|By Matein Khalid|
Janet Yellen confirmed the Wall Street consensus that the Federal Reserve will raise its overnight borrowing (Fed Funds) rate at the March FOMC. Wage growth, inflation, crude oil, asset prices, economic data momentum and Trump’s fiscal stimulus all reinforce the dual mandate logic of a rate hike. Only a really awful February non-farm payroll shock (consensus is 200,000 jobs) will avert a rate hike on March 14.
Trump’s election led to a historic sell off in the US Treasury bond market as the yield on the ten year note rose from 1.75% in October to 2.6% in mid-December though yields have since softened to 2.51% now. Is the $3 trillion bear market in global bonds over as the financial markets brace for political (French elections, North Korea) and economic (the US deficit spending spree time lag on tax cuts) shocks? No. I expect volatility on the US Treasury bond market to rise in 2017.
If Marine Le Pen becomes France’s next President and threatens to pull her country out of the Eurozone, all bets are off. The world financial markets would panic. The US dollar index could well soar 20%. The US Treasury bond market will become the world’s safe haven and the yield on Uncle Sam’s ten-year note could plunge to 1.5% or even lower while the yields on French, Greek, Spanish and Portuguese debt would soar as investors dump Club Med debt. Gold Could soar to $1500 an ounce but crude oil could plunge to $35 a barrel, despite the Saudi/Russian output cuts, as the world economy slips into recession.
The smart money in Europe does not discount the awful Madame Le Pen win scenario, though my contacts in Paris assure me she will never live in the Élysée Palace. This is the reason the yield on the German two year government bond (Bund) fell to minus 0.95%. This is what visceral fear in the capital markets means (or “flight to quality” in the sanitized language of asset management!).
The macroeconomic case for higher US Treasury bond yields in the US becomes more compelling if the French election does not lead to a win for the National Front. Fiscal stimulus at a time of full employment is a formula for inflation risk, as Yellen has warned the Trump White House ad infinitum. Her forecast for three rate hikes in 2017 and 2018 becomes certain if wage growth exceeds 2.5%, the jobless rate falls below 4.5% and US economic growth accelerates to 3%. The rise in crude oil has led to an uptick in inflation risk across emerging markets. In this scenario, the ten year US Treasury bond yield moves to 2.9% or higher, bank shares begin to soar again and King Dollar becomes King of Kings Dollar!
Real estate investment trusts (REITs) are a classic hedge against inflation risk when global growth and interest rates creep higher. REIT’s were a license to print money in the Fed easy money era, generating a total return (dividends plus capital gains) higher than the S&P 500 index. The REIT sector was slammed after Trump’s win as interest rates rose. Yet, unlike Treasury notes or Eurobonds, REIT’s provide inflation protection as rents rise when economic growth accelerates and the CPI rises. True, aggressive Fed rate hikes in 2017 will lead to panic selling in REIT’s. Yet stronger economic growth invariably correlates with higher rental growth, higher tenant quality, higher capital values in selected property segments. Please, no shopping malls or department stores!). This is the reason I would accumulate shares of industrial REIT colossus Prologis and prime New York office REIT SL Green Reality (steeper yield curve, global growth and Trump’s pledge to “do a number” on Dodd Frank is nirvana for New York money center banks). The world is still in the early stages of the E-commerce/digital revolution and demand for distribution centers will explode.

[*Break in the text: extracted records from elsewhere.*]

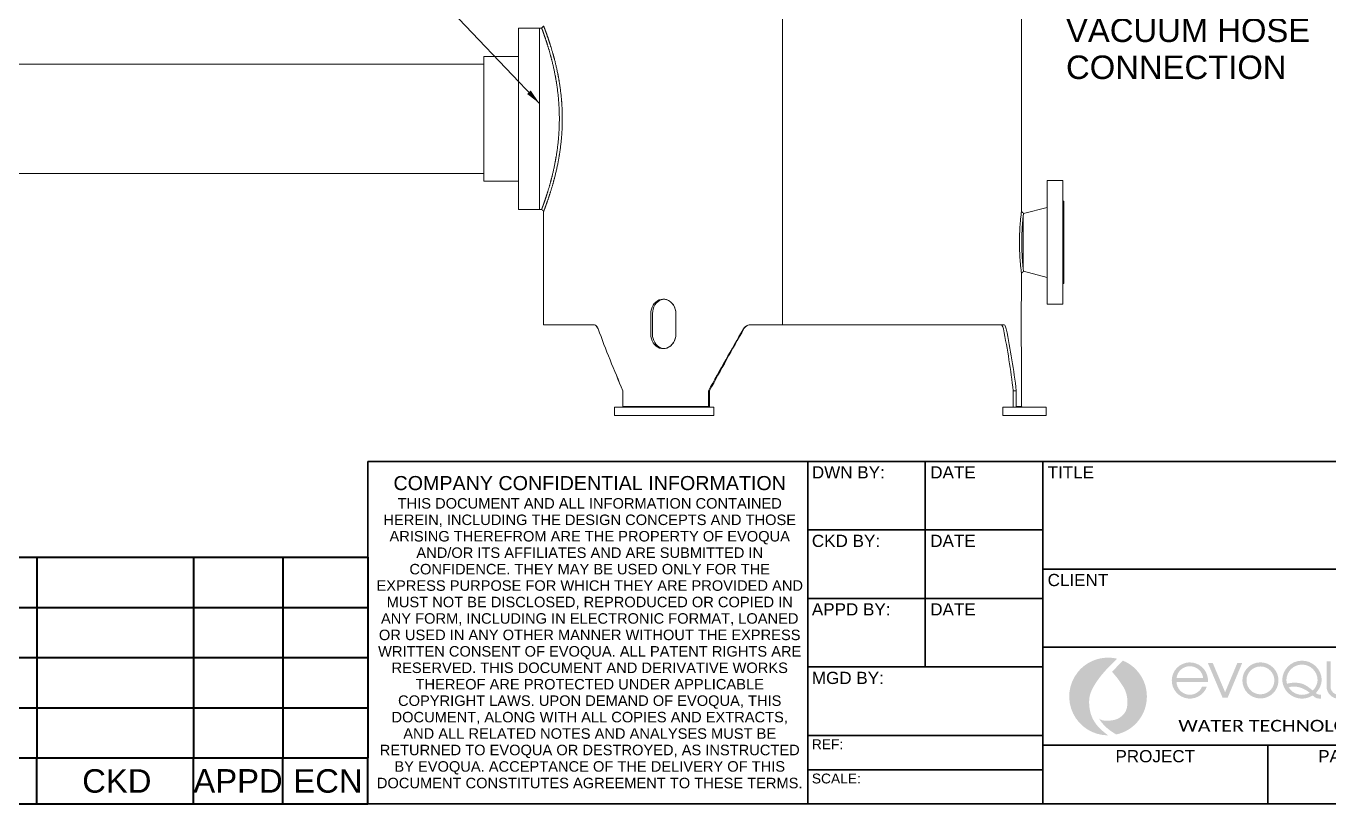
# Model space of a CAD drawing. Header units: inches. Extents: x 12 to 318, y 5 to 204.
# Drawn here: x 196 to 275.1, y 4.7 to 51.9 of the extents above; entities that cross this region are included whole.
import ezdxf
from ezdxf.enums import TextEntityAlignment as Align

# ---------------------------------------------------------------- set-up
doc = ezdxf.new("R2010")
doc.units = ezdxf.units.IN
doc.header["$LTSCALE"] = 9.5
doc.header["$MEASUREMENT"] = 0
doc.layers.get('0').update_dxf_attribs({"lineweight": 25})
for name, color, linetype, lineweight in [('Border', 7, 'Continuous', 35), ('Hatch', 7, 'Continuous', 18), ('Symbol', 7, 'Continuous', 25), ('Symbol (ANSI)', 7, 'Continuous', 25), ('Title', 7, 'Continuous', 35), ('Visible', 7, 'Continuous', 18)]:
    doc.layers.add(name, color=color, linetype=linetype, lineweight=lineweight)
doc.styles.add('MEMCOR Medium', font='arial.ttf')
doc.styles.get("Standard").update_dxf_attribs({"font": 'arial.ttf'})
doc.styles.add('Standard A-B-C', font='arial.ttf')
doc.styles.add('Standard D-E', font='arial.ttf')
doc.dimstyles.new('in [mm] D-E NeptuneBenson$7', dxfattribs={"dimscale": 9.5, "dimtxt": 0.1500000059604645, "dimasz": 0.09842519462108612, "dimexe": 0.125, "dimexo": 0.063, "dimgap": 0.03149606299212598, "dimtad": 0, "dimtih": 1, "dimtoh": 1, "dimdec": 4, "dimzin": 3, "dimdsep": 46, "dimlunit": 5, "dimtxsty": 'Standard D-E', "dimcen": 0.09, "dimdle": 0.3937007874015748, "dimclrd": 256, "dimclre": 256, "dimclrt": 256, "dimadec": 1, "dimazin": 1, "dimtfac": 1, "dimtofl": 0, "dimtmove": 0, "dimatfit": 3, "dimfxl": 1, "dimfrac": 1, "dimtolj": 1, "dimtzin": 4, "dimlwd": -1, "dimlwe": -1, "dimarcsym": 0})

# ---------------------------------------------------------------- blocks, each defined once
blk = doc.blocks.new('Borders 22x34_D')
at = {"layer": 'Border'}
blk.add_line((1.25, 0.4999999999999998), (33.5, 0.4999999999999999), dxfattribs=at)
blk = doc.blocks.new('Title Blocks D-E')
at = {"layer": 'Hatch'}
h = blk.add_hatch(color=256, dxfattribs=at)
edge = h.paths.add_edge_path()
edge.add_arc((19.98189101367876, 9.943906092784042), 0.2480719103066371, 76.67904422196989, 270.1894755167525)
edge.add_spline(control_points=[(19.98271137895041, 9.695835538940974), (19.95345309105183, 9.716895074018595), (19.90706101172811, 9.757582681646385), (19.87700493049096, 9.809075822364122), (19.86340140199017, 9.859645821546861), (19.85905807307129, 9.913599619973075), (19.86446310478937, 9.954909505000881), (19.8816433844362, 9.996605463722519), (19.91586083952322, 10.05094746716277), (19.94824109578481, 10.09215870240479), (19.99280924253348, 10.13969271243175), (20.03904818574205, 10.18530354588766)], knot_values=[1, 1, 1, 1, 1, 2, 3, 4, 5, 6, 7, 8, 9, 9, 9, 9, 9], degree=4, periodic=0)
h = blk.add_hatch(color=256, dxfattribs=at)
edge = h.paths.add_edge_path()
edge.add_line((20.07652725733046, 10.17321735301929), (20.00727756033102, 10.10174476056733))
edge.add_spline(control_points=[(20.00727756033102, 10.10174476056733), (20.03914590152676, 10.06589463365678), (20.06205326464902, 10.03231709591344), (20.07977724453722, 10.00633734431644), (20.09291840155609, 9.982728954174325), (20.10645438168407, 9.938139373098876), (20.10645438168407, 9.885254681356948), (20.0973312580813, 9.844655972069827), (20.06500654201578, 9.813293603220147), (20.03456712345327, 9.793429472069839), (19.98866453348985, 9.788065841916373), (19.94298954232558, 9.788065841916373), (19.92328802309256, 9.80336153764499)], knot_values=[1, 1, 1, 1, 1, 2, 3, 4, 5, 6, 7, 8, 9, 10, 10, 10, 10, 10], degree=4, periodic=0)
edge.add_spline(control_points=[(19.92328802309256, 9.80336153764499), (19.94541699423018, 9.76971769391496), (19.96808223500112, 9.745075690320038), (19.99617440364807, 9.723795472653753), (20.03456712345327, 9.701491365215341)], knot_values=[1, 1, 1, 1, 1, 2, 2, 2, 2, 2], degree=4, periodic=0)
edge.add_arc((19.98189101367876, 9.943906092784042), 0.248071910306636, 282.2596405573036, 427.574169988247)
h = blk.add_hatch(color=256, dxfattribs=at)
edge = h.paths.add_edge_path(flags=0)
edge.add_arc((20.50451582386743, 10.0511933714257), 0.08593673129867534, 6.776661522110381, 173.2233384778896)
edge.add_line((20.41917947616973, 10.06133386194242), (20.58985217156513, 10.06133386194242))
edge = h.paths.add_edge_path()
edge.add_arc((20.50465952519584, 10.04614204808804), 0.1155461320437756, 354.8678353908406, 699.9288679324424)
edge.add_line((20.61318822665002, 10.00648817575572), (20.58256276585194, 10.00648817575572))
edge.add_arc((20.50435126089575, 10.04054076796844), 0.0853030980909805, 183.1818174345895, 336.47212022216326, ccw=False)
edge.add_line((20.41917966361967, 10.035806049248), (20.61974243338927, 10.035806049248))
blk.add_hatch(color=256, dxfattribs=at).paths.add_polyline_path([(20.83882920677774, 10.1574384630601), (20.74579721742829, 9.936036758994819), (20.71370478699376, 9.936036758994819), (20.61974243338927, 10.1574384630601), (20.65090274812042, 10.1574384630601), (20.72975100221102, 9.971649823795975), (20.80781854366126, 10.1574384630601)])
h = blk.add_hatch(color=256, dxfattribs=at)
edge = h.paths.add_edge_path(flags=0)
edge.add_arc((20.95540742271109, 10.04673761102746), 0.08898218991667346, 0, 360)
edge = h.paths.add_edge_path()
edge.add_arc((20.95540742271109, 10.04673761102746), 0.1152627050413219, 0, 360)
h = blk.add_hatch(color=256, dxfattribs=at)
edge = h.paths.add_edge_path(flags=0)
edge.add_spline(control_points=[(21.28965365755471, 9.98179292378984), (21.28703241586095, 9.983963055464308), (21.27929868501237, 9.99042403830512), (21.26621666323003, 10.00148305775575), (21.24874244271965, 10.01314764377143), (21.21811683598544, 10.03074535794635), (21.17310424011757, 10.03358443398824), (21.14717791512313, 10.03074535794635), (21.12528978030135, 10.02579253233809)], knot_values=[-5.52597164909316, -5.52597164909316, -5.52597164909316, -5.52597164909316, -5.52597164909316, -5, -4, -3, -2, -1, -1, -1, -1, -1], degree=4, periodic=0)
edge.add_arc((21.2209285947543, 10.05406190907489), 0.09972933616068584, 182.5887102984282, 196.466876723726, ccw=False)
edge.add_arc((21.22092859475428, 10.04792371726015), 0.09964095679554646, 0.9395147463749254, 179.0604852533602, ccw=False)
edge.add_arc((21.2209285947543, 10.05406190907489), 0.09972933616068579, 313.56015868189434, 357.4112897013063, ccw=False)
edge = h.paths.add_edge_path(flags=0)
edge.add_spline(control_points=[(21.13623384771224, 10.00140509266396), (21.14717791512313, 10.00653126271307), (21.16403102746299, 10.00775959704101), (21.18778228260108, 10.00775959704101), (21.22362858241822, 9.997574353673063), (21.24871627221788, 9.983693987986738), (21.26100620248021, 9.974763794409442), (21.26795225583187, 9.96919300850959), (21.27019188039856, 9.967349342635039)], knot_values=[-5.475496917830196, -5.475496917830196, -5.475496917830196, -5.475496917830196, -5.475496917830196, -4.475496917830196, -3.475496917830196, -2.475496917830196, -1.475496917830196, -1, -1, -1, -1, -1], degree=4, periodic=0)
edge.add_arc((21.2209285947543, 10.05406190907489), 0.09972933616068583, 211.8702374822789, 299.6018442750251, ccw=False)
edge = h.paths.add_edge_path()
edge.add_line((21.34298238841649, 9.955344151221507), (21.34298238841649, 9.930594838847103))
edge.add_spline(control_points=[(21.34298238841649, 9.930594838847103), (21.32558160767466, 9.930594838847103), (21.3124251213407, 9.931839985738108), (21.30160919742674, 9.939822479466438), (21.29240971520882, 9.947892082317136), (21.28922983792888, 9.950733973171527)], knot_values=[6.426385496155728, 6.426385496155728, 6.426385496155728, 6.426385496155728, 6.426385496155728, 7.426385496155728, 8, 8, 8, 8, 8], degree=4, periodic=0)
edge.add_arc((21.22080332029925, 10.05690955693937), 0.1263148562258648, 183.1672639838756, 302.80039011630686, ccw=False)
edge.add_arc((21.22092859475428, 10.04648217173905), 0.1262942701338117, 2.941242516077807, 178.4353925870931, ccw=False)
edge.add_arc((21.22080332029925, 10.05690955693937), 0.1263148562258648, 314.2285574218731, 358.2093711192952, ccw=False)
edge.add_spline(control_points=[(21.30891075433669, 9.966396999961352), (21.31059179566335, 9.965135118110556), (21.31622790101721, 9.961063967666211), (21.32196975317009, 9.957773353566468), (21.33082036812931, 9.95499168933311), (21.34298238841649, 9.955344151221507)], knot_values=[6.585199874805888, 6.585199874805888, 6.585199874805888, 6.585199874805888, 6.585199874805888, 7, 8, 8, 8, 8, 8], degree=4, periodic=0)
h = blk.add_hatch(color=256, dxfattribs=at)
edge = h.paths.add_edge_path()
edge.add_arc((21.45740204549791, 10.00880344364932), 0.0797103534870232, 180, 360)
edge.add_line((21.53711239898493, 10.00880344364932), (21.53711239898493, 10.16800607434183))
edge.add_line((21.53711239898493, 10.16800607434183), (21.50965984869046, 10.16800607434183))
edge.add_line((21.50965984869046, 10.16800607434183), (21.50965984869046, 10.00769037620621))
edge.add_arc((21.45647626523377, 10.00769037620621), 0.05318358345669146, -180, 0, ccw=False)
edge.add_line((21.40329268177708, 10.00769037620621), (21.40329268177708, 10.16800607434183))
edge.add_line((21.40329268177708, 10.16800607434183), (21.37769169201088, 10.16800607434183))
edge.add_line((21.37769169201088, 10.16800607434183), (21.37769169201088, 10.00880344364932))
at = {"layer": 'Title'}
for p, q in [((18.06458223216816, 11.4454762342088), (15.25208223216816, 11.4454762342088)), ((15.25208223216816, 11.4454762342088), (15.25208223216816, 9.257976234208797)), ((19.56458223216816, 11.4454762342088), (18.06458223216816, 11.4454762342088)), ((18.06458223216816, 11.4454762342088), (18.06458223216816, 9.257976234208797)), ((18.06458223216816, 9.257976234208797), (18.06458223216816, 11.4454762342088)), ((18.81458223216816, 11.4454762342088), (18.81458223216816, 10.1329762342088)), ((19.56458223216816, 11.4454762342088), (25.75208223216816, 11.4454762342088)), ((19.56458223216816, 9.257976234208797), (19.56458223216816, 11.4454762342088)), ((19.56458223216816, 9.257976234208797), (19.56458223216816, 11.4454762342088)), ((18.06458223216816, 11.0079762342088), (19.56458223216816, 11.0079762342088)), ((19.56458223216816, 10.7579762342088), (25.75208223216816, 10.7579762342088)), ((18.06458223216816, 10.5704762342088), (19.56458223216816, 10.5704762342088)), ((19.56458223216816, 10.2579762342088), (25.75208223216816, 10.2579762342088)), ((18.06458223216816, 10.1329762342088), (19.56458223216816, 10.1329762342088)), ((18.06458223216816, 9.695476234208797), (19.56458223216816, 9.695476234208797)), ((19.56458223216816, 9.632976234208797), (25.75208223216816, 9.632976234208797)), ((21.00208223216816, 9.632976234208797), (21.00208223216816, 9.257976234208797)), ((18.06458223216816, 9.476726234208797), (19.56458223216816, 9.476726234208797)), ((15.25208223216816, 9.257976234208797), (18.06458223216816, 9.257976234208797)), ((18.06458223216816, 9.257976234208797), (19.56458223216816, 9.257976234208797)), ((25.75208223216816, 9.257976234208797), (19.56458223216816, 9.257976234208797))]:
    blk.add_line(p, q, dxfattribs=at)
for s, insert, char_height, attachment_point, style in [('\\fArial|b0|i0;{\\H0.0780;DWN BY:}', (18.08958223216816, 11.4142262342088), 0.07799999920401986, 1, 'Standard A-B-C'), ('\\fArial|b0|i0;{\\H0.0780;DATE}', (18.84583223216816, 11.4142262342088), 0.07799999920401986, 1, 'Standard A-B-C'), ('\\fArial|b0|i0;{\\H0.0780;TITLE}', (19.59583223216816, 11.4142262342088), 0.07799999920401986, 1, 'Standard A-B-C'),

I have zero interest in REIT’s listed in Dubai as office fundamentals are poor (46% vacancy rate) sponsors charge excessive fees (upto 400 basis points) and yields are hostage to high bank leverage. It is far better to invest in the Vanguard REIT index fund symbol (VNQ), with $34 billion in assets, 0.1% in fees (40 time less than illiquid Dubai REIT’s!) and offer a 5% dividend yield for those who can design option strategies on the Chicago Board Option Exchange. This is a must own product for any investor who needs liquid real estate as an inflation hedge. Once Fed rate hikes happen the Vanguard index fund becomes a must own inflation hedge!
Macro Ideas – Frontier market nightmares and frontier fairy tales!
Nigeria has been a frontier market nightmare since President Buhari finally devalued the naira, with the MSCI Global X index fund (symbol NGE) down from $10 to below $4 in the past two years. In the past twelve months one, the Nigerian country index fund (NGE) is down 35%. Yet the reasons that make Nigeria a profitable macro short idea – the oil crash, epic corruption in the Goodluck Jonathan era, Boko Haram terrorist attacks, a banking crisis, recession, capital flight – have now reached their endgame. Saudi Arabia has stabilized the world oil market. President Buhari, the elected ex military dictator whose economic policies proved so disastrous for the naira, is hospitalized in London. Baba Goslow has handed defacto power to Vice President Yemi Osibanjo, an ex Lagos attorney general with strong links to the southern state Ibo business elite and the powerbrokers of the Niger Delta oil producing region.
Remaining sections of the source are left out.